*Description of the task*. Only those lines in the data below from the line containing "Scope1 : Scope" through the line containing "AirspeeVal/1 -> Bus", both included, should be restated word for word.

________________

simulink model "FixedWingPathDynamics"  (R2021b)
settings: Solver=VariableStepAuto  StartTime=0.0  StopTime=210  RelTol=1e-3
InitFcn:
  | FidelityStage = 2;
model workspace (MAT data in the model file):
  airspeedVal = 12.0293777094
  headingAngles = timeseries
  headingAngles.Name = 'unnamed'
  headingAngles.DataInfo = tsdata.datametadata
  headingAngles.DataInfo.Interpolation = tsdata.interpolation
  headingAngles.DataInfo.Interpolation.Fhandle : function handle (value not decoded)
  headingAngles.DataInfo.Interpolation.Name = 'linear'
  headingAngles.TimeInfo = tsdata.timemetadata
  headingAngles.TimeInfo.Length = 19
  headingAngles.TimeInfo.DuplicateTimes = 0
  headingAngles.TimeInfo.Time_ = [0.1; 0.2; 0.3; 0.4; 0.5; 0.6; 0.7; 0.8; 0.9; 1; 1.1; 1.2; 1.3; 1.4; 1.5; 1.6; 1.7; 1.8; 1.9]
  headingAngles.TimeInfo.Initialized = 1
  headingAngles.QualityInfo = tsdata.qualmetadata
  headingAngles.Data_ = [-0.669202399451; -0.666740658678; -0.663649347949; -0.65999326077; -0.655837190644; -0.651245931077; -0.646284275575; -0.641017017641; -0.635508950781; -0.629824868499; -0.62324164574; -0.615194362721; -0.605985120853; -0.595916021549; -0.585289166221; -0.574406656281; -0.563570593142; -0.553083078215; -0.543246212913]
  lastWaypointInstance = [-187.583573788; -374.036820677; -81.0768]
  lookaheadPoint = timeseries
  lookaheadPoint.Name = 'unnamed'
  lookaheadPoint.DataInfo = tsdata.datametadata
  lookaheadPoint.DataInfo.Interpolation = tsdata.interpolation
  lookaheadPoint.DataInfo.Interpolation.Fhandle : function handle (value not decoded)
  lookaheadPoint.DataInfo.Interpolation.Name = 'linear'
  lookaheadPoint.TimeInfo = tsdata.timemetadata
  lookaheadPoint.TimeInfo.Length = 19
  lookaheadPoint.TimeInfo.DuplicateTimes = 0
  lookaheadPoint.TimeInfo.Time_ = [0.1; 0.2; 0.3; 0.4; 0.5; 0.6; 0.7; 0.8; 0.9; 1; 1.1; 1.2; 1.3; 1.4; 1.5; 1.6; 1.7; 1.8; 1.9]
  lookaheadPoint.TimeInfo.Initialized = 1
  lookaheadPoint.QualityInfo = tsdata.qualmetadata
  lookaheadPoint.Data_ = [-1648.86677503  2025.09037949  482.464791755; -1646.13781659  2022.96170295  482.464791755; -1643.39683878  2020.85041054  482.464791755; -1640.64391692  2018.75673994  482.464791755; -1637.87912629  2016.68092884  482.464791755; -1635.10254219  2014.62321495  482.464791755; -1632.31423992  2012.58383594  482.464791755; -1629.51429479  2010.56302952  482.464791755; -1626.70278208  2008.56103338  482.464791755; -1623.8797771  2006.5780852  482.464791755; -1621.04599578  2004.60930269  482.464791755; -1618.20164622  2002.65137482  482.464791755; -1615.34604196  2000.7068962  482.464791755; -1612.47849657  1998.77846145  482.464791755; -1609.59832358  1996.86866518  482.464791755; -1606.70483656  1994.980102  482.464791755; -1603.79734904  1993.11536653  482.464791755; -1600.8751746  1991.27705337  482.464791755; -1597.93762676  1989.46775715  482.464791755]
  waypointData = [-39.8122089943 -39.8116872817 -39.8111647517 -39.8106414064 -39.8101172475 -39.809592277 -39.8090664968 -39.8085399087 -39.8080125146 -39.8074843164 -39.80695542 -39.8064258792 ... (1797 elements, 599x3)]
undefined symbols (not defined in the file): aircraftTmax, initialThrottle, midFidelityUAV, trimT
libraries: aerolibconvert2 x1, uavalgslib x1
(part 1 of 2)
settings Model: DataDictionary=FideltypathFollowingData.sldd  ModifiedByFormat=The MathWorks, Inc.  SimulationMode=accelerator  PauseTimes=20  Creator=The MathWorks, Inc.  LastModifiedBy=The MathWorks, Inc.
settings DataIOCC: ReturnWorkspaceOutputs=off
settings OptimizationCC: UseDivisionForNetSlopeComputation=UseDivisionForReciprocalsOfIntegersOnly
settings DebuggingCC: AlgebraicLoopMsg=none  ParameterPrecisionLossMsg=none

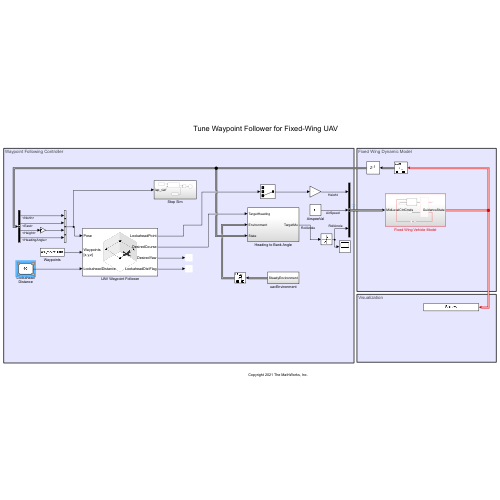
[thumbnail: Simulink's stored preview of the top-level diagram]
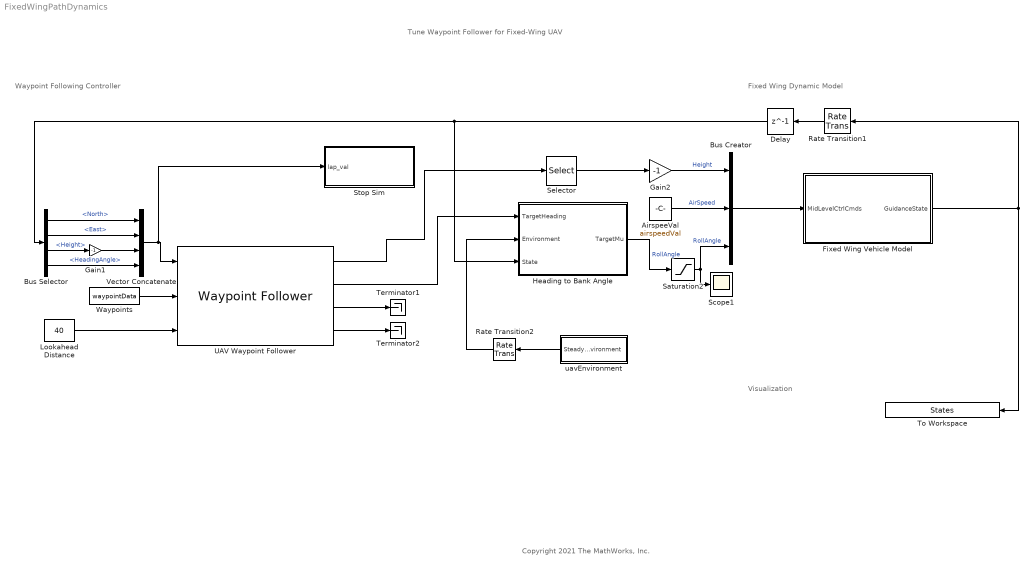
== system FixedWingPathDynamics ==
  note: Copyright 2021 The MathWorks, Inc.
  note: Waypoint Following Controller
  note: Tune Waypoint Follower for Fixed-Wing UAV
  note: Fixed Wing Dynamic Model
  note: Visualization
  AirspeeVal : Constant  Value=airspeedVal  SampleTime=0.01
  Bus Creator : BusCreator  Inputs=3
  Bus Selector : BusSelector  OutputSignals=North,East,Height,HeadingAngle
  Delay : Delay  DelayLength=1  InitialCondition=struct('North', midFidelityUAV.initialNorth, 'East', midFidelityUAV.initialEast,'Height', midFidelityUAV.initialAltitude, 'AirSpeed',midFidelityUAV.initialAirspeed,'HeadingAngle',0,'FlightPathAngle', 0, 'RollAngle',0,'RollAngleRate',0)
  Fixed Wing Vehicle Model : Subsystem  VariantControl=FidelityStage==2
  Gain1 : Gain  Gain=-1
  Gain2 : Gain  Gain=-1
  Heading to Bank Angle : Subsystem
  Lookahead Distance : Constant  Value=40
  Rate Transition1 : RateTransition  OutPortSampleTime=0.01
  Rate Transition2 : RateTransition  OutPortSampleTime=0.01
  Saturation2 : Saturate  UpperLimit=midFidelityUAV.maxroll/180*pi  LowerLimit=-midFidelityUAV.maxroll/180*pi
  Scope1 : Scope
  Selector : Selector  InputPortWidth=3  IndexOptions=Index vector (dialog)  Indices=[3]  OutputSizes=1
  Stop Sim : Subsystem
  Terminator1 : Terminator
  Terminator2 : Terminator
  To Workspace : ToWorkspace  VariableName=States  SaveFormat=Timeseries  SampleTime=0.01
  UAV Waypoint Follower : uavalgslib/Waypoint Follower  UAVType=fixed-wing  StartFrom=first  TransitionRadiusSource=internal  TransitionRadius=10  MinLookaheadDistance=0.1  YawInput=off  ShowCrossTrackErrorOutput=off  ShowStatusOutput=off  SimulateUsing=Code generation
      settings: SourceProductBaseCode=UV
  Vector Concatenate : Concatenate  NumInputs=4
  Waypoints : Constant  Value=waypointData  VectorParams1D=off
  uavEnvironment : Subsystem  VariantControl=NoWind
  wires:
  Rate Transition1/1 -> Delay/1
  AirspeeVal/1 -> Bus Creator/2  "AirSpeed"
  UAV Waypoint Follower/2 -> Heading to Bank Angle/1(TargetHeading)
  UAV Waypoint Follower/1 -> Selector/1
  Bus Selector/4 -> Vector Concatenate/4  "<HeadingAngle>"
  Bus Selector/2 -> Vector Concatenate/2  "<East>"
  Gain1/1 -> Vector Concatenate/3
  Delay/1 -> Heading to Bank Angle/3(State), Bus Selector/1
  Selector/1 -> Gain2/1
  Lookahead Distance/1 -> UAV Waypoint Follower/3
  UAV Waypoint Follower/3 -> Terminator1/1
  UAV Waypoint Follower/4 -> Terminator2/1
  Bus Creator/1 -> Fixed Wing Vehicle Model/1(MidLevelCtrlCmds)
  Bus Selector/1 -> Vector Concatenate/1  "<North>"
  Rate Transition2/1 -> Heading to Bank Angle/2(Environment)
  Fixed Wing Vehicle Model/1(GuidanceState) -> Rate Transition1/1, To Workspace/1
  Bus Selector/3 -> Gain1/1  "<Height>"
  Heading to Bank Angle/1(TargetMu) -> Saturation2/1  "RollAngle"
  Saturation2/1 -> Bus Creator/3, Scope1/1  "RollAngle"
  Gain2/1 -> Bus Creator/1  "Height"
  uavEnvironment/1(SteadyEnvironment) -> Rate Transition2/1
  Waypoints/1 -> UAV Waypoint Follower/2
  Vector Concatenate/1 -> Stop Sim/1(lap_val), UAV Waypoint Follower/1

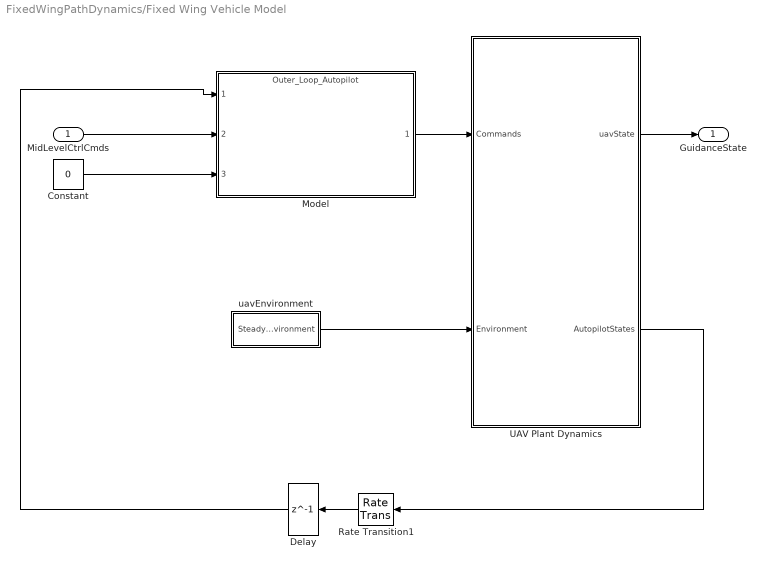
== system FixedWingPathDynamics/Fixed Wing Vehicle Model ==
  MidLevelCtrlCmds : Inport
  Constant : Constant  Value=0
  Delay : Delay  DelayLength=1  InitialCondition=struct('Xe', [0 0 midFidelityUAV.initialAltitude], 'ias',midFidelityUAV.initialAirspeed)  SampleTime=0.01
  Model : ModelReference  ModelNameDialog=Outer_Loop_Autopilot.slx  SimulationMode=Normal  ModelReferenceVersion=2.299
  Rate Transition1 : RateTransition  OutPortSampleTime=0.01
  UAV Plant Dynamics : Subsystem  TreatAsAtomicUnit=on
  uavEnvironment : Subsystem  VariantControl=NoWind
  GuidanceState : Outport
  wires:
  uavEnvironment/1(SteadyEnvironment) -> UAV Plant Dynamics/2(Environment)
  Model/1 -> UAV Plant Dynamics/1(Commands)
  UAV Plant Dynamics/2(AutopilotStates) -> Rate Transition1/1
  UAV Plant Dynamics/1(uavState) -> GuidanceState/1
  Delay/1 -> Model/1
  MidLevelCtrlCmds/1 -> Model/2
  Rate Transition1/1 -> Delay/1
  Constant/1 -> Model/3

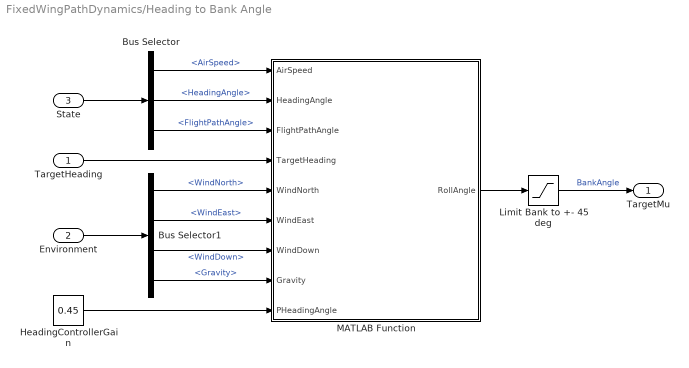
== system FixedWingPathDynamics/Heading to Bank Angle ==
  TargetHeading : Inport  OutDataTypeStr=double  PortDimensions=1
  Environment : Inport  Port=2
  State : Inport  Port=3
  Bus Selector : BusSelector  OutputSignals=AirSpeed,HeadingAngle,FlightPathAngle
  Bus Selector1 : BusSelector  OutputSignals=WindNorth,WindEast,WindDown,Gravity
  HeadingControllerGain : Constant  Value=0.45
  Limit Bank to +- 45 deg : Saturate  UpperLimit=midFidelityUAV.maxroll/180*pi  LowerLimit=-midFidelityUAV.maxroll/180*pi
  MATLAB Function : MATLAB Function  TreatAsAtomicUnit=on
  TargetMu : Outport
  wires:
  Limit Bank to +- 45 deg/1 -> TargetMu/1  "BankAngle"
  Bus Selector1/4 -> MATLAB Function/8(Gravity)  "<Gravity>"
  Bus Selector1/3 -> MATLAB Function/7(WindDown)  "<WindDown>"
  Bus Selector1/2 -> MATLAB Function/6(WindEast)  "<WindEast>"
  Bus Selector1/1 -> MATLAB Function/5(WindNorth)  "<WindNorth>"
  TargetHeading/1 -> MATLAB Function/4(TargetHeading)
  Bus Selector/2 -> MATLAB Function/2(HeadingAngle)  "<HeadingAngle>"
  Bus Selector/1 -> MATLAB Function/1(AirSpeed)  "<AirSpeed>"
  Environment/1 -> Bus Selector1/1
  State/1 -> Bus Selector/1
  HeadingControllerGain/1 -> MATLAB Function/9(PHeadingAngle)
  Bus Selector/3 -> MATLAB Function/3(FlightPathAngle)  "<FlightPathAngle>"
  MATLAB Function/1(RollAngle) -> Limit Bank to +- 45 deg/1

== system FixedWingPathDynamics/Stop Sim ==
  lap_val : Inport
  MATLAB Function : MATLAB Function  TreatAsAtomicUnit=on
  Relational Operator : RelationalOperator  Operator=<=  OutDataTypeStr=boolean  RndMeth=Simplest
  Stop Simulation : Stop
  Waypoints1 : Constant  Value=lastWaypointInstance  VectorParams1D=off
  Waypoints2 : Constant  Value=5  VectorParams1D=off
  wires:
  Waypoints1/1 -> MATLAB Function/1(last_waypoint)
  Relational Operator/1 -> Stop Simulation/1
  MATLAB Function/1(distance) -> Relational Operator/1
  Waypoints2/1 -> Relational Operator/2
  lap_val/1 -> MATLAB Function/2(lap_val)

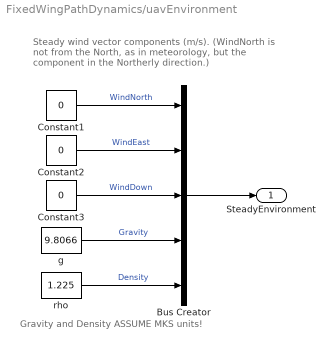
== system FixedWingPathDynamics/uavEnvironment ==
  note: Gravity and Density ASSUME MKS units!
  note: Steady wind vector components (m/s).
      | (WindNorth is not from the North, as in meteorology,
      | but the component in the Northerly direction.)
  Bus Creator : BusCreator  Inputs=5
  Constant1 : Constant  Value=0
  Constant2 : Constant  Value=0
  Constant3 : Constant  Value=0
  g : Constant  Value=9.8066
  rho : Constant  Value=1.225
  SteadyEnvironment : Outport  VectorParamsAs1DForOutWhenUnconnected=off
  wires:
  Constant2/1 -> Bus Creator/2  "WindEast"
  Constant3/1 -> Bus Creator/3  "WindDown"
  Constant1/1 -> Bus Creator/1  "WindNorth"
  Bus Creator/1 -> SteadyEnvironment/1
  g/1 -> Bus Creator/4  "Gravity"
  rho/1 -> Bus Creator/5  "Density"

== system FixedWingPathDynamics/Fixed Wing Vehicle Model/UAV Plant Dynamics ==
  Commands : Inport
  Environment : Inport  Port=2
  Vehicle Dynamics : Subsystem
  asbState to uavState : Subsystem
  uavState : Outport
  AutopilotStates : Outport  Port=2
  wires:
  Vehicle Dynamics/1(AutopilotState) -> asbState to uavState/1(asbState), AutopilotStates/1
  asbState to uavState/1(uavState) -> uavState/1
  Commands/1 -> Vehicle Dynamics/1(Commands)
  Environment/1 -> Vehicle Dynamics/2(Environment)

== system FixedWingPathDynamics/Fixed Wing Vehicle Model/uavEnvironment ==
  note: Gravity and Density ASSUME MKS units!
  note: Steady wind vector components (m/s).
      | (WindNorth is not from the North, as in meteorology,
      | but the component in the Northerly direction.)
  Bus Creator : BusCreator  Inputs=5
  Constant1 : Constant  Value=0
  Constant2 : Constant  Value=0
  Constant3 : Constant  Value=0
  g : Constant  Value=9.8066
  rho : Constant  Value=1.225
  SteadyEnvironment : Outport  VectorParamsAs1DForOutWhenUnconnected=off
  wires:
  Constant2/1 -> Bus Creator/2  "WindEast"
  Constant3/1 -> Bus Creator/3  "WindDown"
  Constant1/1 -> Bus Creator/1  "WindNorth"
  Bus Creator/1 -> SteadyEnvironment/1
  g/1 -> Bus Creator/4  "Gravity"
  rho/1 -> Bus Creator/5  "Density"

== system FixedWingPathDynamics/Fixed Wing Vehicle Model/UAV Plant Dynamics/Vehicle Dynamics ==
  Commands : Inport
  Environment : Inport  Port=2
  AutopilotStates : Subsystem
  Calculate Forces : Subsystem
  Feedback : Subsystem
  Fixed-Wing UAV Point Mass : UAVPointMass  east=midFidelityUAV.initialEast  north=midFidelityUAV.initialNorth  altitude=midFidelityUAV.initialAltitude  airspeed=midFidelityUAV.initialAirspeed  gamma=midFidelityUAV.initialFlightPathAngle  chi=midFidelityUAV.initialHeadingAngle  mass=midFidelityUAV.aircraftM
  AutopilotState : Outport
  wires:
  Calculate Forces/5(gamma_a) -> Fixed-Wing UAV Point Mass/5
  Commands/1 -> Calculate Forces/2(Cmds)
  Calculate Forces/1(Lift) -> Fixed-Wing UAV Point Mass/1
  Feedback/1(Feedback) -> Calculate Forces/1(Feedback)
  AutopilotStates/1(AutopilotStates) -> Feedback/1(AutopilotStates), AutopilotState/1
  Fixed-Wing UAV Point Mass/1 -> AutopilotStates/1(V)
  Fixed-Wing UAV Point Mass/2 -> AutopilotStates/2(G)
  Fixed-Wing UAV Point Mass/3 -> AutopilotStates/3(Va)
  Fixed-Wing UAV Point Mass/4 -> AutopilotStates/4(Ve)
  Fixed-Wing UAV Point Mass/5 -> AutopilotStates/5(XNED)
  Fixed-Wing UAV Point Mass/6 -> AutopilotStates/6(gam_a)
  Fixed-Wing UAV Point Mass/7 -> AutopilotStates/7(gam)
  Fixed-Wing UAV Point Mass/8 -> AutopilotStates/8(chi_a)
  Environment/1 -> Calculate Forces/3(Environment)
  Calculate Forces/2(Drag) -> Fixed-Wing UAV Point Mass/2
  Calculate Forces/3(Weight1) -> Fixed-Wing UAV Point Mass/3
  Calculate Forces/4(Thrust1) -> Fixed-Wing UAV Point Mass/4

________________

*Answer section*.
  Scope1 : Scope
  Selector : Selector  InputPortWidth=3  IndexOptions=Index vector (dialog)  Indices=[3]  OutputSizes=1
  Stop Sim : Subsystem
  Terminator1 : Terminator
  Terminator2 : Terminator
  To Workspace : ToWorkspace  VariableName=States  SaveFormat=Timeseries  SampleTime=0.01
  UAV Waypoint Follower : uavalgslib/Waypoint Follower  UAVType=fixed-wing  StartFrom=first  TransitionRadiusSource=internal  TransitionRadius=10  MinLookaheadDistance=0.1  YawInput=off  ShowCrossTrackErrorOutput=off  ShowStatusOutput=off  SimulateUsing=Code generation
      settings: SourceProductBaseCode=UV
  Vector Concatenate : Concatenate  NumInputs=4
  Waypoints : Constant  Value=waypointData  VectorParams1D=off
  uavEnvironment : Subsystem  VariantControl=NoWind
  wires:
  Rate Transition1/1 -> Delay/1
  AirspeeVal/1 -> Bus Creator/2  "AirSpeed"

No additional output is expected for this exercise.